[Recorded data]
------------
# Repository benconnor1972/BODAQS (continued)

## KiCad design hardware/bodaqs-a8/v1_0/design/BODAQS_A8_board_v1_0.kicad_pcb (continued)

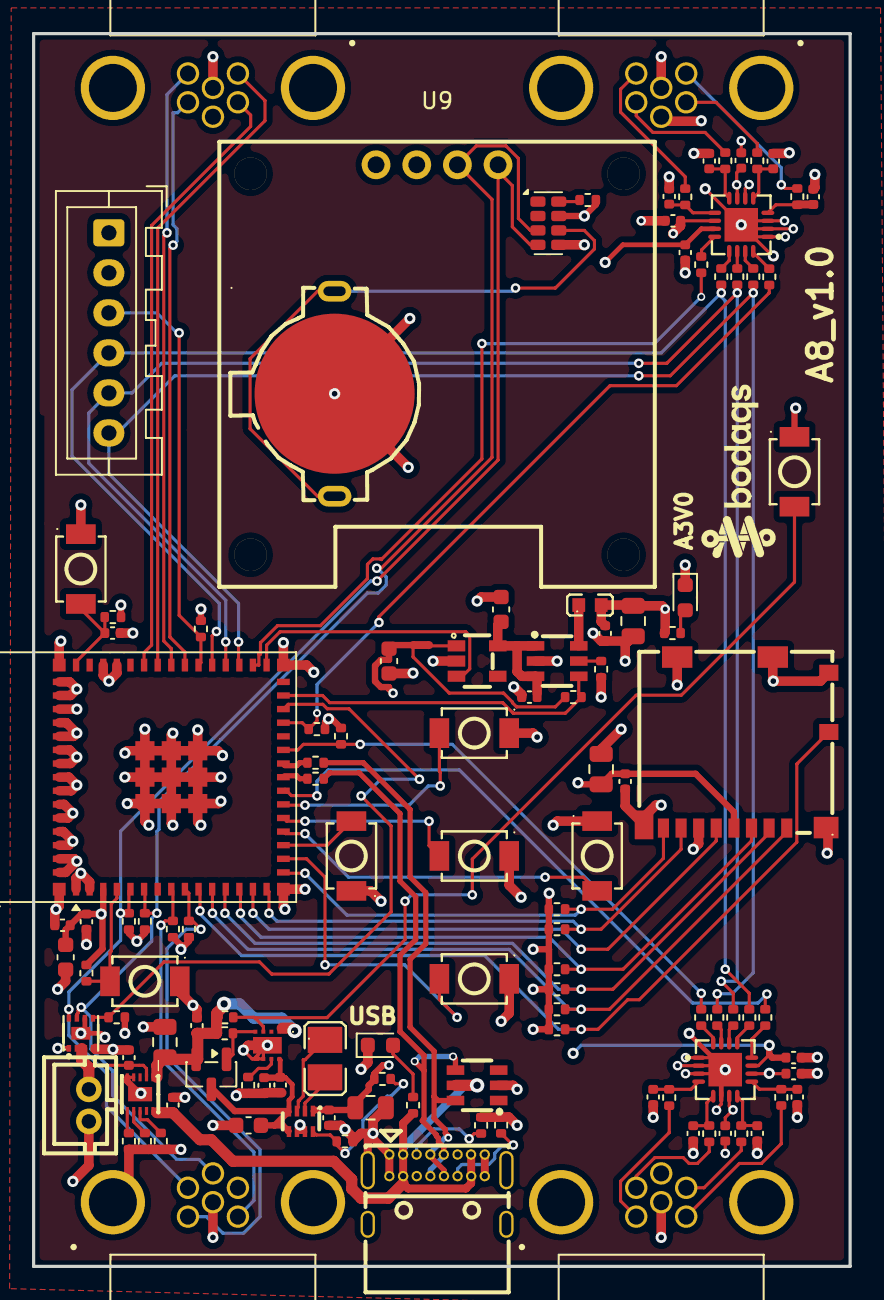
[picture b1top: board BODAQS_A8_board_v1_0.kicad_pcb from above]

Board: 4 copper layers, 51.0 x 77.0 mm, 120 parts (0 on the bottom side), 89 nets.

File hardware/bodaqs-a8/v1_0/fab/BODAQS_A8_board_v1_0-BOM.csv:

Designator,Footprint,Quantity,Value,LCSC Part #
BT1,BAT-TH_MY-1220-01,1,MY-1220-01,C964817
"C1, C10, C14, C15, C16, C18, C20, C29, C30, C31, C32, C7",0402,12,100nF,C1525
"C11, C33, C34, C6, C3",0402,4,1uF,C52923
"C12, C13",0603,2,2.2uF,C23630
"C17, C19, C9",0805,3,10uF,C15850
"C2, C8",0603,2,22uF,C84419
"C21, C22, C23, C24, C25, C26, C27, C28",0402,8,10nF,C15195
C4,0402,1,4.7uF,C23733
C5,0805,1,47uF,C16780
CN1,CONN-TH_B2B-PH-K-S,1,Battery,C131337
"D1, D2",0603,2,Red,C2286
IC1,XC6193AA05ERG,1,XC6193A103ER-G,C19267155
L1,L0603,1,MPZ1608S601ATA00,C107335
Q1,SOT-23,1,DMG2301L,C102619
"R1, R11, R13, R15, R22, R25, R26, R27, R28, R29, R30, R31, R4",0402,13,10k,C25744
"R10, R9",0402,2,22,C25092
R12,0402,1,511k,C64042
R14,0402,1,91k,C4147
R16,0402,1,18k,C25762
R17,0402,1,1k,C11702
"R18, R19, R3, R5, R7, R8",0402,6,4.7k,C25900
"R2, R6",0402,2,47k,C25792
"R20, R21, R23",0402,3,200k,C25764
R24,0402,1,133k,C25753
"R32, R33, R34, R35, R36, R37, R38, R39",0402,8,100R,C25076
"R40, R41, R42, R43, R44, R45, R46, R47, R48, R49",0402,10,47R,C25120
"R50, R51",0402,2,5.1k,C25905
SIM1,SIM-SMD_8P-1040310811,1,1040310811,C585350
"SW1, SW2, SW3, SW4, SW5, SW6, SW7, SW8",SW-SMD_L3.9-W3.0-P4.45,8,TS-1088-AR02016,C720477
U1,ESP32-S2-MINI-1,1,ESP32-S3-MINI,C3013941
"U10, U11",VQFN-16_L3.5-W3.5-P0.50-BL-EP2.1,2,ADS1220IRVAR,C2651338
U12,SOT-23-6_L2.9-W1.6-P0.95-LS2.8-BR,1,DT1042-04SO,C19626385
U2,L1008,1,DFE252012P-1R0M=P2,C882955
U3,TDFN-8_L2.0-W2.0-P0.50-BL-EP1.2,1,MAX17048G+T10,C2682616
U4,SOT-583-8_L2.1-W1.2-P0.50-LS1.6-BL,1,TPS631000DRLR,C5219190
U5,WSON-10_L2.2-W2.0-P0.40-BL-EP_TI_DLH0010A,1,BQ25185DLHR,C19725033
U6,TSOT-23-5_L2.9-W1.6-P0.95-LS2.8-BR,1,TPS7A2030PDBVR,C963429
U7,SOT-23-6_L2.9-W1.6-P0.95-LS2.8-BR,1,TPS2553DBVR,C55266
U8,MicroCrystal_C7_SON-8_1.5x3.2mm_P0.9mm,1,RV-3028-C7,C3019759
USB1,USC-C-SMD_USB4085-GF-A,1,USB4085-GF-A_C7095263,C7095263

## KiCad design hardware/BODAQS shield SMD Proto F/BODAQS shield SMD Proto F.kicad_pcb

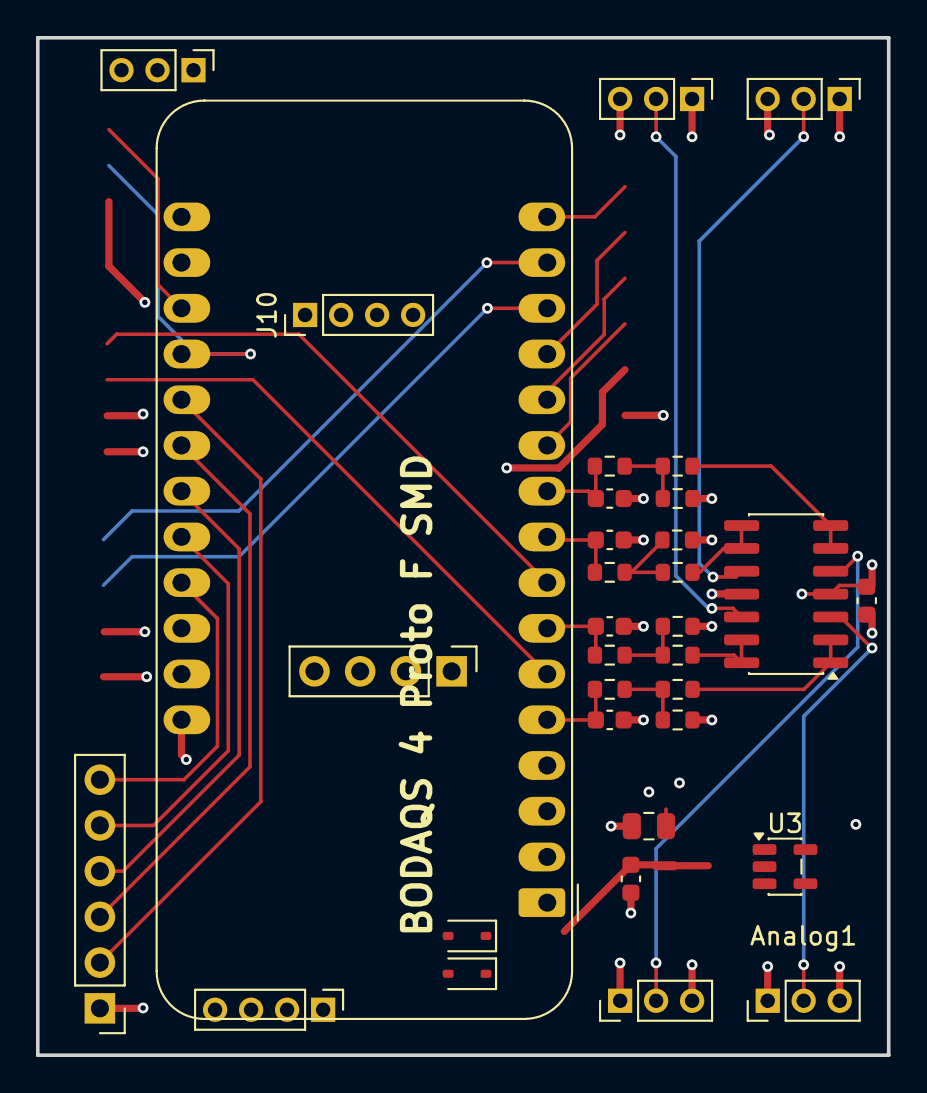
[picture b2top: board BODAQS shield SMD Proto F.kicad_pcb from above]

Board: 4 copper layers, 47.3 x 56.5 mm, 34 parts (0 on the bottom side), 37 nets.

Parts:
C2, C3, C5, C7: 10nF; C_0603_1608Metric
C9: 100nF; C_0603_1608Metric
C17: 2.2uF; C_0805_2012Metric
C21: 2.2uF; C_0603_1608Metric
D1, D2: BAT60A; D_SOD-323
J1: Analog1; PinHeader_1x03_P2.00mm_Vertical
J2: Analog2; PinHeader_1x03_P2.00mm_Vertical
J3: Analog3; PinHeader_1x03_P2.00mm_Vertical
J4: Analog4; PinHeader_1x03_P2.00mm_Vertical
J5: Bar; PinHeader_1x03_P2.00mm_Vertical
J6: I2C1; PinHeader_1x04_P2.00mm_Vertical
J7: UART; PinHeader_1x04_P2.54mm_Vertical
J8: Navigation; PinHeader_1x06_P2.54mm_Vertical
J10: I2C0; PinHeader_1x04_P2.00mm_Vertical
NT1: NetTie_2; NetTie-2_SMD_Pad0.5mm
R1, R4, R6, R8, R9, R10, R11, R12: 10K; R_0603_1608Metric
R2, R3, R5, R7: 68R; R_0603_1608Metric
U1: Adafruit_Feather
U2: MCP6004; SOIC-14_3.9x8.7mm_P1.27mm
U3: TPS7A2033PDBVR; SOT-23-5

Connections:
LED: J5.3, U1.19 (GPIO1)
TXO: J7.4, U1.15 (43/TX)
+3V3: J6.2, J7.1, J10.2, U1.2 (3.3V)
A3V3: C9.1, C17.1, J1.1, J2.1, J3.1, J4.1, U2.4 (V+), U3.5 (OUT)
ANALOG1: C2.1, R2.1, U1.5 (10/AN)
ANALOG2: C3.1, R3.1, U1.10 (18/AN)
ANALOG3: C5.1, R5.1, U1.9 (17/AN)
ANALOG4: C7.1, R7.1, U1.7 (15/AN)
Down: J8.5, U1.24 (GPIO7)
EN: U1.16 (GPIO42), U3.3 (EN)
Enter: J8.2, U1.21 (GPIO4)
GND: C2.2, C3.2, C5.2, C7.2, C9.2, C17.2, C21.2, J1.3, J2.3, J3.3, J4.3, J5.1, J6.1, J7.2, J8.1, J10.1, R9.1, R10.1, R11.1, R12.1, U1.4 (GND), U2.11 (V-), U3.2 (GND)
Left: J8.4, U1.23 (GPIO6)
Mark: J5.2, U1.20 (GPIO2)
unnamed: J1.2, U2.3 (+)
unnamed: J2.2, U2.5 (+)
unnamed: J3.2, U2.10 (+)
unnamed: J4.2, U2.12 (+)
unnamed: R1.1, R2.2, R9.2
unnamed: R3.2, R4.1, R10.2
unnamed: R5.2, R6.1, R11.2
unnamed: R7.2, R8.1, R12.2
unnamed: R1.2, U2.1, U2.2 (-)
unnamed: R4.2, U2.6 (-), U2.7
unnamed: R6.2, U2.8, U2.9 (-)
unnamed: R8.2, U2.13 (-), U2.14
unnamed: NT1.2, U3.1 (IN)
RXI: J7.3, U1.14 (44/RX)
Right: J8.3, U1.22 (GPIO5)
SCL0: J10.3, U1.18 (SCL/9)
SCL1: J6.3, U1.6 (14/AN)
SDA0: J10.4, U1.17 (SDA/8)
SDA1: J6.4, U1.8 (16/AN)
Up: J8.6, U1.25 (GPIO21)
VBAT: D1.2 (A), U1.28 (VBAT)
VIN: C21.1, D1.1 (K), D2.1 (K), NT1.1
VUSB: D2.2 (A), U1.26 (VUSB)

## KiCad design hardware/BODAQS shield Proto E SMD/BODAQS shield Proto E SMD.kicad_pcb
------------
-- Task description --
Exact wording is required throughout: write out all the records, but no pictures.

-- Answer space --
# Repository benconnor1972/BODAQS (continued)

## KiCad design hardware/bodaqs-a8/v1_0/design/BODAQS_A8_board_v1_0.kicad_pcb (continued)

[picture b1top: board BODAQS_A8_board_v1_0.kicad_pcb from above]

Board: 4 copper layers, 51.0 x 77.0 mm, 120 parts (0 on the bottom side), 89 nets.

File hardware/bodaqs-a8/v1_0/fab/BODAQS_A8_board_v1_0-BOM.csv:

Designator,Footprint,Quantity,Value,LCSC Part #
BT1,BAT-TH_MY-1220-01,1,MY-1220-01,C964817
"C1, C10, C14, C15, C16, C18, C20, C29, C30, C31, C32, C7",0402,12,100nF,C1525
"C11, C33, C34, C6, C3",0402,4,1uF,C52923
"C12, C13",0603,2,2.2uF,C23630
"C17, C19, C9",0805,3,10uF,C15850
"C2, C8",0603,2,22uF,C84419
"C21, C22, C23, C24, C25, C26, C27, C28",0402,8,10nF,C15195
C4,0402,1,4.7uF,C23733
C5,0805,1,47uF,C16780
CN1,CONN-TH_B2B-PH-K-S,1,Battery,C131337
"D1, D2",0603,2,Red,C2286
IC1,XC6193AA05ERG,1,XC6193A103ER-G,C19267155
L1,L0603,1,MPZ1608S601ATA00,C107335
Q1,SOT-23,1,DMG2301L,C102619
"R1, R11, R13, R15, R22, R25, R26, R27, R28, R29, R30, R31, R4",0402,13,10k,C25744
"R10, R9",0402,2,22,C25092
R12,0402,1,511k,C64042
R14,0402,1,91k,C4147
R16,0402,1,18k,C25762
R17,0402,1,1k,C11702
"R18, R19, R3, R5, R7, R8",0402,6,4.7k,C25900
"R2, R6",0402,2,47k,C25792
"R20, R21, R23",0402,3,200k,C25764
R24,0402,1,133k,C25753
"R32, R33, R34, R35, R36, R37, R38, R39",0402,8,100R,C25076
"R40, R41, R42, R43, R44, R45, R46, R47, R48, R49",0402,10,47R,C25120
"R50, R51",0402,2,5.1k,C25905
SIM1,SIM-SMD_8P-1040310811,1,1040310811,C585350
"SW1, SW2, SW3, SW4, SW5, SW6, SW7, SW8",SW-SMD_L3.9-W3.0-P4.45,8,TS-1088-AR02016,C720477
U1,ESP32-S2-MINI-1,1,ESP32-S3-MINI,C3013941
"U10, U11",VQFN-16_L3.5-W3.5-P0.50-BL-EP2.1,2,ADS1220IRVAR,C2651338
U12,SOT-23-6_L2.9-W1.6-P0.95-LS2.8-BR,1,DT1042-04SO,C19626385
U2,L1008,1,DFE252012P-1R0M=P2,C882955
U3,TDFN-8_L2.0-W2.0-P0.50-BL-EP1.2,1,MAX17048G+T10,C2682616
U4,SOT-583-8_L2.1-W1.2-P0.50-LS1.6-BL,1,TPS631000DRLR,C5219190
U5,WSON-10_L2.2-W2.0-P0.40-BL-EP_TI_DLH0010A,1,BQ25185DLHR,C19725033
U6,TSOT-23-5_L2.9-W1.6-P0.95-LS2.8-BR,1,TPS7A2030PDBVR,C963429
U7,SOT-23-6_L2.9-W1.6-P0.95-LS2.8-BR,1,TPS2553DBVR,C55266
U8,MicroCrystal_C7_SON-8_1.5x3.2mm_P0.9mm,1,RV-3028-C7,C3019759
USB1,USC-C-SMD_USB4085-GF-A,1,USB4085-GF-A_C7095263,C7095263

## KiCad design hardware/BODAQS shield SMD Proto F/BODAQS shield SMD Proto F.kicad_pcb

[picture b2top: board BODAQS shield SMD Proto F.kicad_pcb from above]

Board: 4 copper layers, 47.3 x 56.5 mm, 34 parts (0 on the bottom side), 37 nets.

Parts:
C2, C3, C5, C7: 10nF; C_0603_1608Metric
C9: 100nF; C_0603_1608Metric
C17: 2.2uF; C_0805_2012Metric
C21: 2.2uF; C_0603_1608Metric
D1, D2: BAT60A; D_SOD-323
J1: Analog1; PinHeader_1x03_P2.00mm_Vertical
J2: Analog2; PinHeader_1x03_P2.00mm_Vertical
J3: Analog3; PinHeader_1x03_P2.00mm_Vertical
J4: Analog4; PinHeader_1x03_P2.00mm_Vertical
J5: Bar; PinHeader_1x03_P2.00mm_Vertical
J6: I2C1; PinHeader_1x04_P2.00mm_Vertical
J7: UART; PinHeader_1x04_P2.54mm_Vertical
J8: Navigation; PinHeader_1x06_P2.54mm_Vertical
J10: I2C0; PinHeader_1x04_P2.00mm_Vertical
NT1: NetTie_2; NetTie-2_SMD_Pad0.5mm
R1, R4, R6, R8, R9, R10, R11, R12: 10K; R_0603_1608Metric
R2, R3, R5, R7: 68R; R_0603_1608Metric
U1: Adafruit_Feather
U2: MCP6004; SOIC-14_3.9x8.7mm_P1.27mm
U3: TPS7A2033PDBVR; SOT-23-5

Connections:
LED: J5.3, U1.19 (GPIO1)
TXO: J7.4, U1.15 (43/TX)
+3V3: J6.2, J7.1, J10.2, U1.2 (3.3V)
A3V3: C9.1, C17.1, J1.1, J2.1, J3.1, J4.1, U2.4 (V+), U3.5 (OUT)
ANALOG1: C2.1, R2.1, U1.5 (10/AN)
ANALOG2: C3.1, R3.1, U1.10 (18/AN)
ANALOG3: C5.1, R5.1, U1.9 (17/AN)
ANALOG4: C7.1, R7.1, U1.7 (15/AN)
Down: J8.5, U1.24 (GPIO7)
EN: U1.16 (GPIO42), U3.3 (EN)
Enter: J8.2, U1.21 (GPIO4)
GND: C2.2, C3.2, C5.2, C7.2, C9.2, C17.2, C21.2, J1.3, J2.3, J3.3, J4.3, J5.1, J6.1, J7.2, J8.1, J10.1, R9.1, R10.1, R11.1, R12.1, U1.4 (GND), U2.11 (V-), U3.2 (GND)
Left: J8.4, U1.23 (GPIO6)
Mark: J5.2, U1.20 (GPIO2)
unnamed: J1.2, U2.3 (+)
unnamed: J2.2, U2.5 (+)
unnamed: J3.2, U2.10 (+)
unnamed: J4.2, U2.12 (+)
unnamed: R1.1, R2.2, R9.2
unnamed: R3.2, R4.1, R10.2
unnamed: R5.2, R6.1, R11.2
unnamed: R7.2, R8.1, R12.2
unnamed: R1.2, U2.1, U2.2 (-)
unnamed: R4.2, U2.6 (-), U2.7
unnamed: R6.2, U2.8, U2.9 (-)
unnamed: R8.2, U2.13 (-), U2.14
unnamed: NT1.2, U3.1 (IN)
RXI: J7.3, U1.14 (44/RX)
Right: J8.3, U1.22 (GPIO5)
SCL0: J10.3, U1.18 (SCL/9)
SCL1: J6.3, U1.6 (14/AN)
SDA0: J10.4, U1.17 (SDA/8)
SDA1: J6.4, U1.8 (16/AN)
Up: J8.6, U1.25 (GPIO21)
VBAT: D1.2 (A), U1.28 (VBAT)
VIN: C21.1, D1.1 (K), D2.1 (K), NT1.1
VUSB: D2.2 (A), U1.26 (VUSB)

## KiCad design hardware/BODAQS shield Proto E SMD/BODAQS shield Proto E SMD.kicad_pcb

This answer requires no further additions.